One of the three guiding principles in the Excellence in Training philosophy is, “It is not about you.” This is also part of the Dare to Be Great Leadership workshops. The message is that as a leader, coach, trainer, or mentor it cannot be about you. It must be about the people you have the privilege and honor of teaching, coaching, mentoring and leading. Some trainers get this right away and for others it takes time to learn this important lesson.
In an episode of The Unfair Advantage podcast host Alex Auerbach asked his guest Dan Abrahams this question at the end of the interview, “If you were going to pick one concept for coaches to dive into right now that would enhance their performance as a coach what would you suggest they look into and why?”
Dan Abrahams’ answer was, “Self-Skills: Self-awareness, self-control, self-reflection, and self-development. Why? Because it starts with you. Because player experience starts with you. Because player participation, progression and performance starts with you the coach. That’s not to attribute blame on coaches for everything. I am not saying that, but their experience starts with you.”
“Their experience starts with you.” Reflect on that for a moment. Think back to your own experiences in training and the impact of the coach / trainer on those experiences.
How would you rate yourself on the ‘Self Skills’? How self-aware are you of your language and actions as a trainer and the impact those might have on the people you teach, train, coach, and mentor? How is your self-control when people ask difficult questions, challenge the way you are delivering training, question or challenge the content, or ask ‘why’? When was the last time you engaged in the hard work of self-reflection? What do you do on a regular (daily, weekly, and monthly) basis towards self-development?
What you do as a coach and trainer is too important for you not to be willing to put in the work. That work takes place before, after and during the training. It requires reading, listening, and continually seeking to find more effective ways to deliver your material and help people learn. It requires all the ‘Self-Skills’ that sport psychologist Dan Abrahams talked about.
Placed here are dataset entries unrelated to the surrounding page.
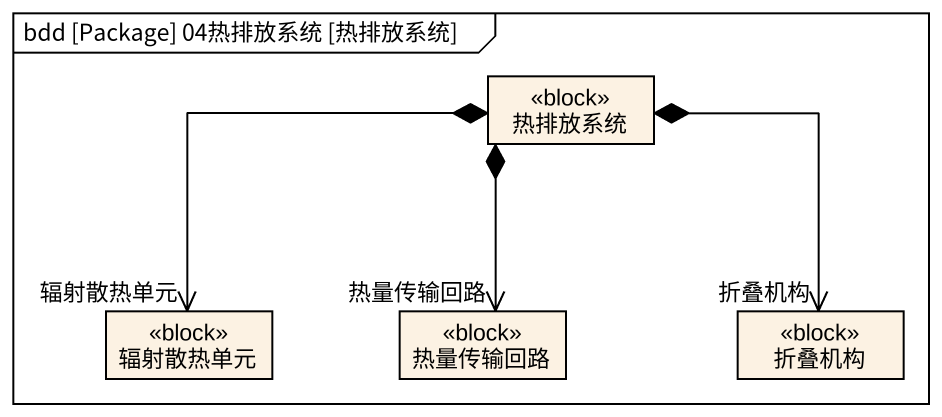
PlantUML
@startuml
mainframe bdd [Package] 04热排放系统 [热排放系统]
hide circle
hide empty members
class 热排放系统 <<block>>
class 辐射散热单元 <<block>>
class 热量传输回路 <<block>>
class 折叠机构 <<block>>
热排放系统 *--> "辐射散热单元" 辐射散热单元
热排放系统 *--> "热量传输回路" 热量传输回路
热排放系统 *--> "折叠机构" 折叠机构
@enduml

Part of that work is getting mentally prepared to teach before every session. This is the same as a high-performance athlete getting their head in the right space before the game. I spoke with a training academy commander at a conference recently who told me that he and his people walked out on a class on ‘improving your training’ in the first few minutes. He explained that the very experienced, and highly regarded, instructor walked in right before the 8:00 a.m. start time never having checked their AV to make sure everything was working and made a comment to the effect, “8:00 a.m. is way too early for me to have to teach so let’s just start with an icebreaker.” He was so put off by that first impression that he and his people left and went to a different class. In this case they had other options and the ability to walk out and go to a different class. What if that was not the case. What if they were forced to sit through the training. What would that experience have been like for them. As an instructor / trainer / coach / teacher you are not there for you, you are there for the participants. You have a responsibility to them to provide the best possible training experience, and that starts with you.
Being effective as a coach or trainer is not just about showing up. I don’t care how long you have been doing this you need to put in the time and energy to prepare. If you are just going to show up and wing it because you have taught this material hundreds of times before, then get out of the business of training.
Always keep in mind that it is not about you, but it starts with you.